E quanto ao IVA de € 28.390,85 que a AT liquidou por considerar ter sido o mesmo objecto de dedução por duas vezes (em duplicado), mercê das notas de débito emitidas pelas associadas P………….. ……….., F…….. e G………………….. à ora recorrida, relativas a tais rappéis, quando estas importâncias já lhe haviam sido pagas através de notas de crédito ou facturas, onde em ambas as operações a mesma teria deduzido o correspondente IVA suportado, daí a sua duplicação, tendo em conta a atribuição destas comissões à mesma, acima descritas, em função das concretas operações donde dimanavam, não apontou a AT um único caso concreto onde tal duplicação tenha sido constatada, limitando-se a tal conclusão genérica de terem sido emitidas notas de débito por estas associadas quando o valor total dos rappéis já havia sido distribuído também a estas associadas, pelas referidas notas de crédito ou facturas (subentende-se), o que nos termos do disposto no n.º1 do art.º 82.º do CIVA, não chega para indiciar que assim tenha sido, ou seja, não se pode dizer que a AT tenha, fundadamente, carreado para o procedimento de inspecção elementos factuais suficientes que permitam desconsiderar a presunção de veracidade dos dados e lançamentos decorrentes das declarações da ora recorrida e apurados através da sua contabilidade nos termos do disposto no art.º 75.º da LGT e 59.º do CPPT, de molde a neles ancorar a respectiva liquidação, pelo que não cumpriu a parte do ónus probatório que sobre si impendia, pelo que prejudicado ficado a questão da repartição do ónus da prova quanto à real existência dos pressupostos de que depende o direito à dedução, que é subsequente a tal desconsideração, ao contrário do invocado pela ora recorrente na matéria da sua conclusão V. das alegações do seu recurso, matéria que assim também não pode deixar de improceder.

Tanto mais que a ora recorrida veio na petição da sua impugnação judicial, na matéria dos seus art.ºs 118.º e 119.º, expressamente colocar em causa que tal duplicação tenha ocorrido, e juntar o documento n.º16 (fls 223 a 299 dos autos), que no seu entender o comprovarão, e sobre o que a Fazenda Pública nada disse, na sua contestação, tendo-se limitado a juntar o respectivo processo administrativo, como de fls 60 dos autos se pode colher.

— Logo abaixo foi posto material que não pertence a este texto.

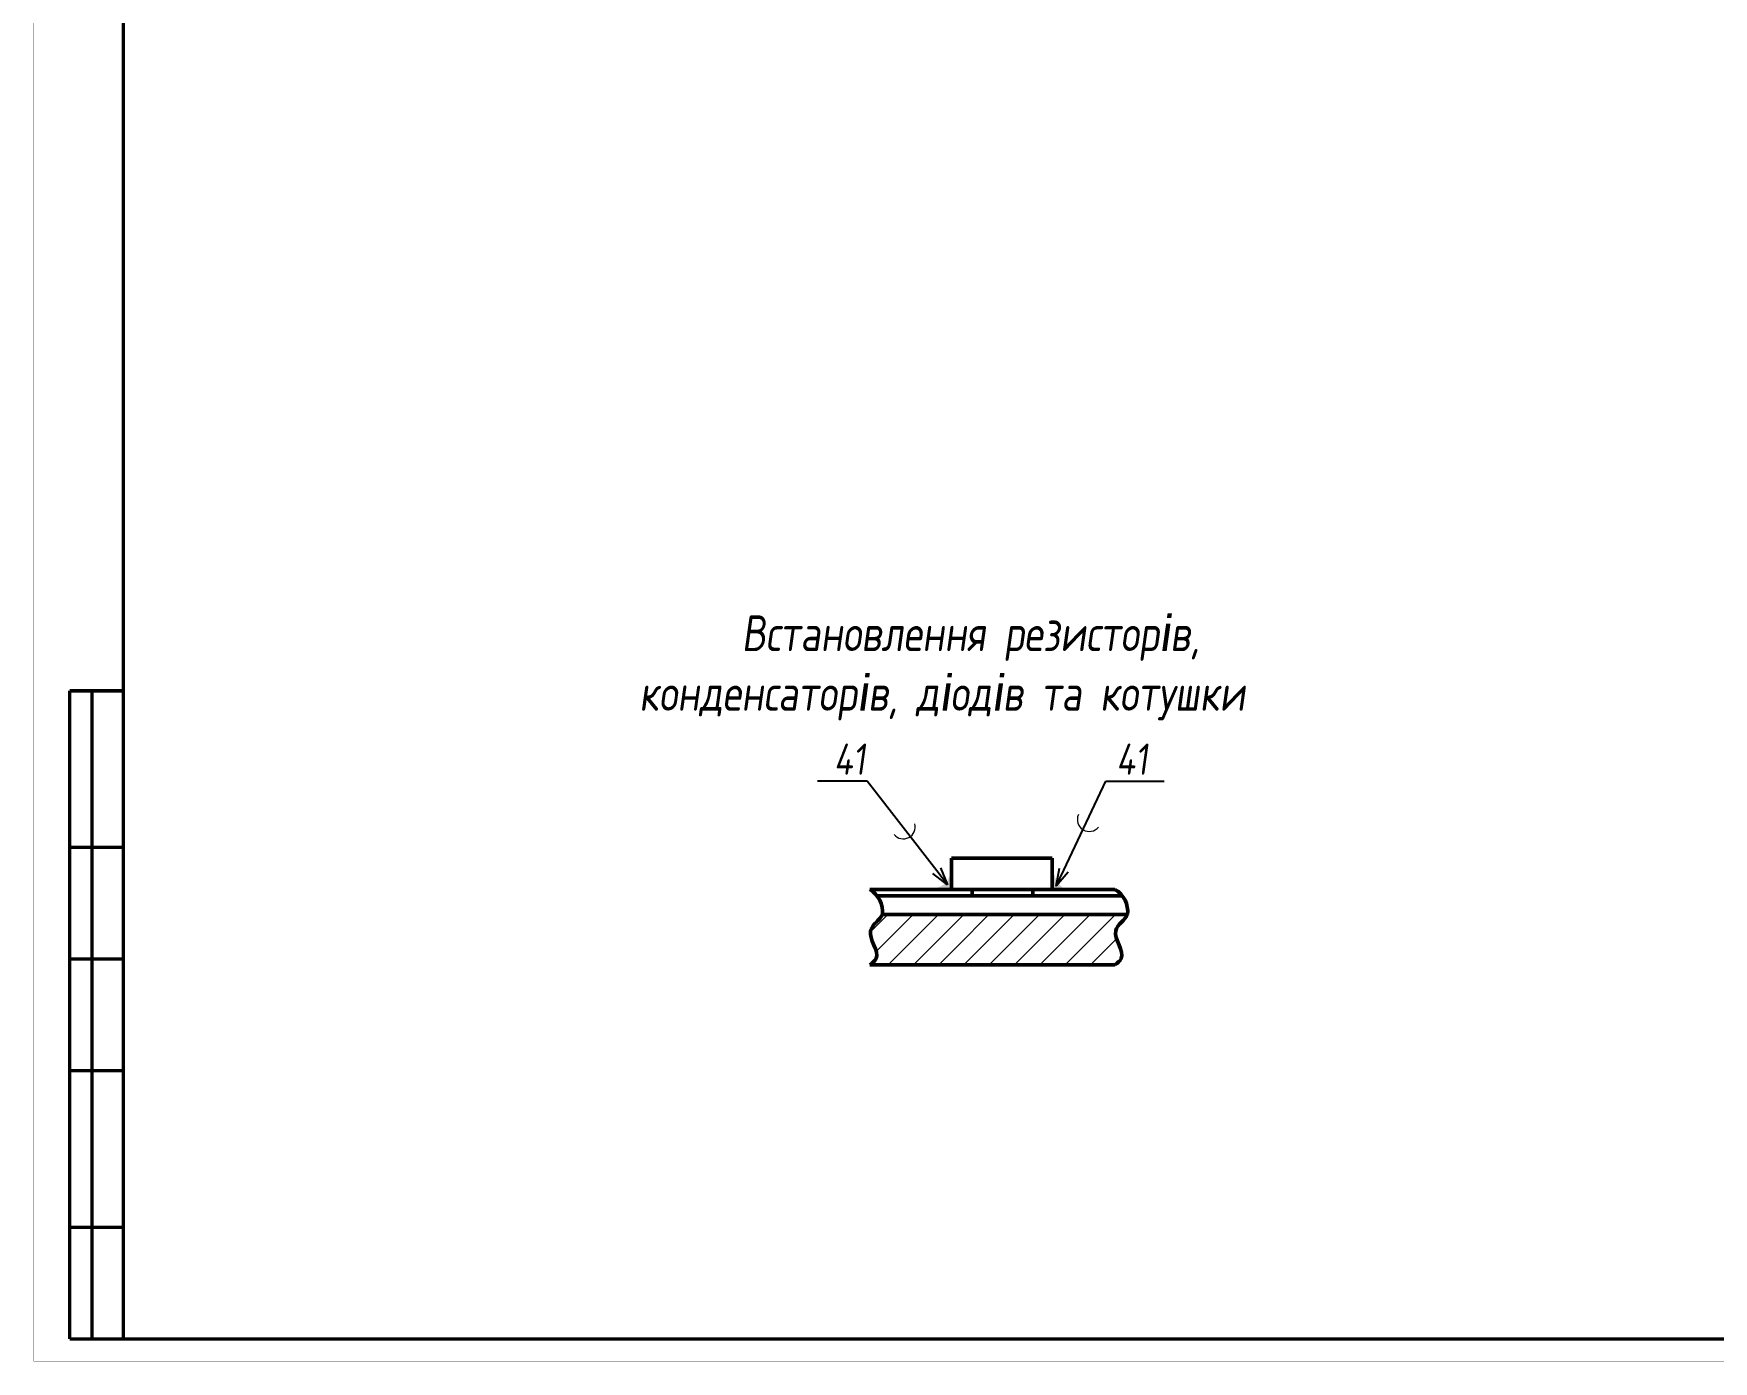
# Model space of a CAD drawing. Header units: millimetres. Extents: x 461 to 1302, y 117 to 711.
# Drawn here: x 461.2 to 837, y 117.3 to 414.3 of the extents above; entities that cross this region are included whole.
import ezdxf
from ezdxf import colors
from ezdxf.entities.mleader import LeaderData, LeaderLine
from ezdxf.math import Vec2, Vec3

# ---------------------------------------------------------------- set-up
doc = ezdxf.new("R2010")
doc.units = ezdxf.units.MM
doc.layers.get('0').update_dxf_attribs({"lineweight": 50})
doc.styles.add('шш', font='gost.ttf', dxfattribs={"oblique": 8})

# ---------------------------------------------------------------- blocks, each defined once
blk = doc.blocks.new('_Open30')
at = {"color": 0, "linetype": 'ByBlock', "lineweight": -2}
for p, q in [((-1, 0.268), (0, 0)), ((0, 0), (-1, -0.268)), ((0, 0), (-1, 0))]:
    blk.add_line(p, q, dxfattribs=at)

msp = doc.modelspace()

# ---------------------------------------------------------------- hatches: boundary and pattern name
at = {"linetype": 'Continuous', "lineweight": 50, "true_color": 0xffffff}
h = msp.add_hatch(color=7, dxfattribs=at)
edge = h.paths.add_edge_path(flags=0)
edge.add_line((666.548, 222.818), (666.548, 229.849))
edge.add_spline(control_points=[(666.548, 229.849), (666.488, 227.647), (666.395, 224.249), (663.387, 223.19), (662.329, 222.818)], knot_values=[0, 0, 0, 0, 2.0615528, 3.1795868, 3.1795868, 3.1795868, 3.1795868], weights=[1, 1, 1, 1, 1], degree=3, periodic=0)
edge.add_line((662.329, 222.818), (666.548, 222.818))
h = msp.add_hatch(color=7, dxfattribs=at)
edge = h.paths.add_edge_path(flags=0)
edge.add_line((689.048, 222.818), (691.861, 222.818))
edge.add_spline(control_points=[(691.861, 222.818), (691.352, 223.264), (689.363, 225.013), (689.182, 227.785), (689.048, 229.849)], knot_values=[0, 0, 0, 0, 0.7071068, 2.7686596, 2.7686596, 2.7686596, 2.7686596], weights=[1, 1, 1, 1, 1], degree=3, periodic=0)
edge.add_line((689.048, 229.849), (689.048, 222.818))
at = {"lineweight": 20, "true_color": 0xffffff}
h = msp.add_hatch(dxfattribs=at)
h.set_pattern_fill('_USER', scale=1.5, angle=45, pattern_type=0)
h.set_pattern_definition([(45, (-350.0184, -266.4925), (-1.0606602, 1.0606602), [])])
h.paths.add_polyline_path([(705.923, 217.193), (651.079, 217.193)], flags=0)
edge = h.paths.add_edge_path(flags=17)
edge.add_line((651.079, 217.193), (705.923, 217.193))
edge.add_line((651.079, 217.193), (705.923, 217.193))
edge = h.paths.add_edge_path()
edge.add_spline(control_points=[(648.267, 205.943), (648.843, 206.382), (651.272, 208.231), (646.217, 213.489), (650.556, 216.01), (651.079, 217.193)], knot_values=[2.236068, 2.236068, 2.236068, 2.236068, 2.9431748, 5.2154253, 6.7934884, 6.7934884, 6.7934884, 6.7934884], degree=3, periodic=0)
edge.add_spline(control_points=[(651.079, 217.193), (650.556, 216.01), (646.217, 213.489), (651.272, 208.231), (648.843, 206.382), (648.267, 205.943)], knot_values=[2.236068, 2.236068, 2.236068, 2.236068, 3.8141311, 6.0863816, 6.7934884, 6.7934884, 6.7934884, 6.7934884], degree=3, periodic=0)
h.paths.add_polyline_path([(651.079, 217.193), (705.923, 217.193)], flags=17)

# ---------------------------------------------------------------- linework, layer by layer
at = {"color": 7, "linetype": 'Continuous', "lineweight": 50, "true_color": 0xffffff}
for p, q in [((666.548, 222.818), (666.548, 229.849)), ((689.048, 229.849), (666.548, 229.849)), ((666.548, 229.849), (666.548, 222.818)), ((689.048, 229.849), (689.048, 222.818)), ((689.048, 222.818), (689.048, 229.849)), ((648.267, 222.818), (703.111, 222.818)), ((671.155, 221.412), (671.155, 222.818)), ((671.155, 222.818), (671.155, 221.412)), ((684.778, 222.818), (684.778, 221.412)), ((703.111, 222.818), (684.778, 222.818)), ((684.778, 222.818), (684.778, 221.412)), ((649.909, 221.412), (704.752, 221.412)), ((684.778, 221.412), (704.752, 221.412)), ((705.923, 217.193), (651.079, 217.193)), ((651.079, 217.193), (705.923, 217.193)), ((651.079, 217.193), (705.923, 217.193)), ((648.267, 205.943), (703.111, 205.943))]:
    msp.add_line(p, q, dxfattribs=at)
at = {"color": 7, "linetype": 'Continuous', "lineweight": 18, "true_color": 0xffffff}
for p, q in [((671.155, 222.818), (648.267, 222.818)), ((662.329, 222.818), (666.548, 222.818)), ((689.048, 222.818), (691.861, 222.818)), ((649.909, 221.412), (671.155, 221.412))]:
    msp.add_line(p, q, dxfattribs=at)
at = {"color": 7, "lineweight": 20, "true_color": 0xffffff}
for p, q in [((656.522, 221.412), (656.634, 221.523)), ((648.391, 213.281), (652.303, 217.193)), ((649.715, 208.947), (657.96, 217.193)), ((652.367, 205.943), (663.617, 217.193)), ((669.274, 217.193), (665.119, 213.038)), ((667.947, 210.21), (674.931, 217.193)), ((669.337, 205.943), (680.587, 217.193)), ((674.994, 205.943), (685.665, 216.613)), ((686.244, 217.193), (685.665, 216.613)), ((688.493, 213.785), (691.901, 217.193)), ((691.322, 210.956), (697.558, 217.193)), ((691.965, 205.943), (703.215, 217.193)), ((658.024, 205.943), (665.119, 213.038)), ((680.651, 205.943), (688.493, 213.785)), ((686.308, 205.943), (691.322, 210.956)), ((697.622, 205.943), (703.474, 211.795)), ((663.681, 205.943), (667.947, 210.21))]:
    msp.add_line(p, q, dxfattribs=at)
at = {"color": 7, "lineweight": 40, "true_color": 0xffffff}
for points, const_width in [([(461.272, 711.261), (1302.229, 711.261), (1302.229, 117.303), (461.272, 117.303), (461.272, 711.261)], 0.0991), ([(481.272, 122.261), (481.272, 706.261)], 0.749), ([(469.272, 122.261), (469.272, 267.261)], 0.749), ([(469.272, 267.261), (481.272, 267.261)], 0.749), ([(474.272, 267.261), (474.272, 122.261)], 0.749), ([(469.272, 232.261), (481.272, 232.261)], 0.749), ([(481.272, 207.261), (469.272, 207.261)], 0.749), ([(469.272, 182.261), (481.272, 182.261)], 0.749), ([(481.272, 147.261), (469.272, 147.261)], 0.749), ([(1297.272, 122.261), (469.272, 122.261)], 0.749)]:
    msp.add_lwpolyline(points, dxfattribs=dict(at, const_width=const_width))
at = {"color": 7, "lineweight": 50, "true_color": 0xffffff}
for points in [[(648.267, 222.818, -0.3024022), (651.079, 217.193)], [(703.111, 222.818, -0.3024022), (705.923, 217.193)]]:
    msp.add_lwpolyline(points, format="xyb", dxfattribs=at)
at = {"color": 7, "lineweight": 20, "true_color": 0xffffff}
for centre, radius, start, end in [((655.774, 236.841), 2.693, 219.75313, 14.28844), ((697.383, 238.484), 2.686, 155.97936, 320.74967)]:
    msp.add_arc(centre, radius, start, end, dxfattribs=at)
at = {"color": 7, "linetype": 'Continuous', "lineweight": 50, "true_color": 0xffffff}
for points, knots in [([(651.079, 217.193), (650.556, 216.01), (646.217, 213.489), (651.272, 208.231), (648.843, 206.382), (648.267, 205.943)], [2.236068, 2.236068, 2.236068, 2.236068, 3.8141311, 6.0863816, 6.7934884, 6.7934884, 6.7934884, 6.7934884]), ([(648.267, 205.943), (648.843, 206.382), (651.272, 208.231), (646.217, 213.489), (650.556, 216.01), (651.079, 217.193)], [2.236068, 2.236068, 2.236068, 2.236068, 2.9431748, 5.2154253, 6.7934884, 6.7934884, 6.7934884, 6.7934884]), ([(705.923, 217.193), (705.399, 216.01), (701.06, 213.489), (706.116, 208.231), (703.687, 206.382), (703.111, 205.943)], [2.236068, 2.236068, 2.236068, 2.236068, 3.8141311, 6.0863816, 6.7934884, 6.7934884, 6.7934884, 6.7934884]), ([(703.111, 205.943), (703.687, 206.382), (706.116, 208.231), (701.06, 213.489), (705.399, 216.01), (705.923, 217.193)], [2.236068, 2.236068, 2.236068, 2.236068, 2.9431748, 5.2154253, 6.7934884, 6.7934884, 6.7934884, 6.7934884])]:
    msp.add_open_spline(points, degree=3, knots=knots, dxfattribs=at)

# ---------------------------------------------------------------- texts
at = {"color": 7, "lineweight": 20, "true_color": 0xffffff, "insert": (594.59, 284.138), "char_height": 8, "attachment_point": 1, "style": 'шш'}
msp.add_mtext_dynamic_manual_height_columns('\\pi24.997;Встановлення резистор{\\fArial|b0|i0|c204|p34;і}в, \\P\\pi2.0748;конденсатор{\\fArial|b0|i0|c204|p34;і}в, д{\\fArial|b0|i0|c204|p34;і}од{\\fArial|b0|i0|c204|p34;і}в та котушки', width=179.99548, gutter_width=17.5, heights=[31.585], dxfattribs=at)

# ---------------------------------------------------------------- leaders
at = {"color": 7, "lineweight": 20, "true_color": 0xffffff}
ml = msp.add_multileader_mtext('Standard', dxfattribs=at)
ml.set_content('41', color=(255, 255, 255), style='шш')
ml.set_leader_properties()
ml.set_arrow_properties(name='OPEN30')
ml.build(insert=Vec2(0, 0))
ml.multileader.update_dxf_attribs({"text_left_attachment_type": 6, "text_right_attachment_type": 6, "dogleg_length": 0.36})
ctx = ml.context
ctx.base_point, ctx.char_height, ctx.landing_gap_size, ctx.plane_origin = Vec3(638.677, 247.075), 7, 0, Vec3(662.949, 231.339)
ctx.left_attachment, ctx.right_attachment, ctx.text_align_type = 6, 6, 2
notes = []
notes.append((ctx, [(1, (1, 1, 0), (647.657, 247.075), (-1, 0), 0.36, [(0, [(665.686, 223.859)], 0, [])])]))
ctx.mtext.insert, ctx.mtext.alignment, ctx.mtext.flow_direction = Vec3(647.297, 255.475), 3, 5
ml = msp.add_multileader_mtext('Standard', dxfattribs=at)
ml.set_content('41', color=(255, 255, 255), style='шш')
ml.set_leader_properties()
ml.set_arrow_properties(name='OPEN30')
ml.build(insert=Vec2(0, 0))
ml.multileader.update_dxf_attribs({"text_left_attachment_type": 6, "text_right_attachment_type": 6, "dogleg_length": 0.36})
ctx = ml.context
ctx.base_point, ctx.char_height, ctx.plane_origin = Vec3(701.399, 247.075), 7, Vec3(689.279, 232.262)
ctx.left_attachment, ctx.right_attachment = 6, 6
notes.append((ctx, [(0, (1, 1, 0), (701.039, 247.075), (1, 0), 0.36, [(0, [(689.974, 223.533)], 0, [])])]))
ctx.mtext.insert, ctx.mtext.flow_direction = Vec3(703.399, 255.475), 5
for ctx, leaders in notes:
    for number, flags, end, landing, length, lines in leaders:
        leader = LeaderData()
        leader.index, (leader.has_last_leader_line, leader.has_dogleg_vector, leader.attachment_direction) = number, flags
        leader.last_leader_point, leader.dogleg_vector, leader.dogleg_length = Vec3(end), Vec3(landing), length
        for number, points, colour, breaks in lines:
            line = LeaderLine()
            line.index, line.vertices, line.color, line.breaks = number, Vec3.list(points), colors.encode_raw_color(colour), breaks
            leader.lines.append(line)
        ctx.leaders.append(leader)

doc.saveas('drawing.dxf')

Improcede assim, toda a matéria das conclusões das alegações do recurso, sendo de lhe negar provimento e de confirmar a sentença recorrida que no mesmo sentido decidiu.


C. DECISÃO.
Nestes termos, acorda-se, em negar provimento ao recurso e em confirmar a sentença recorrida.


Sem custas, face à isenção de que gozava a recorrente Fazenda Pública.


Lisboa,4 de Outubro de 2011

Eugénio Sequeira
Aníbal Ferraz
Lucas Martins

(1) Cfr. neste sentido entre muitos outros, o acórdão do STA de 17.4.2002, recurso n.º 26.635.
(2) Cfr. neste sentido o acórdão deste TCAS de 16.5.2006, recurso n.º 1021/06, de que o ora Relator ali foi Adjunto.
(3) Cfr. neste sentido e em caso paralelo, o acórdão do STA de 9-10-2002, proferido no recurso n.º 871/02.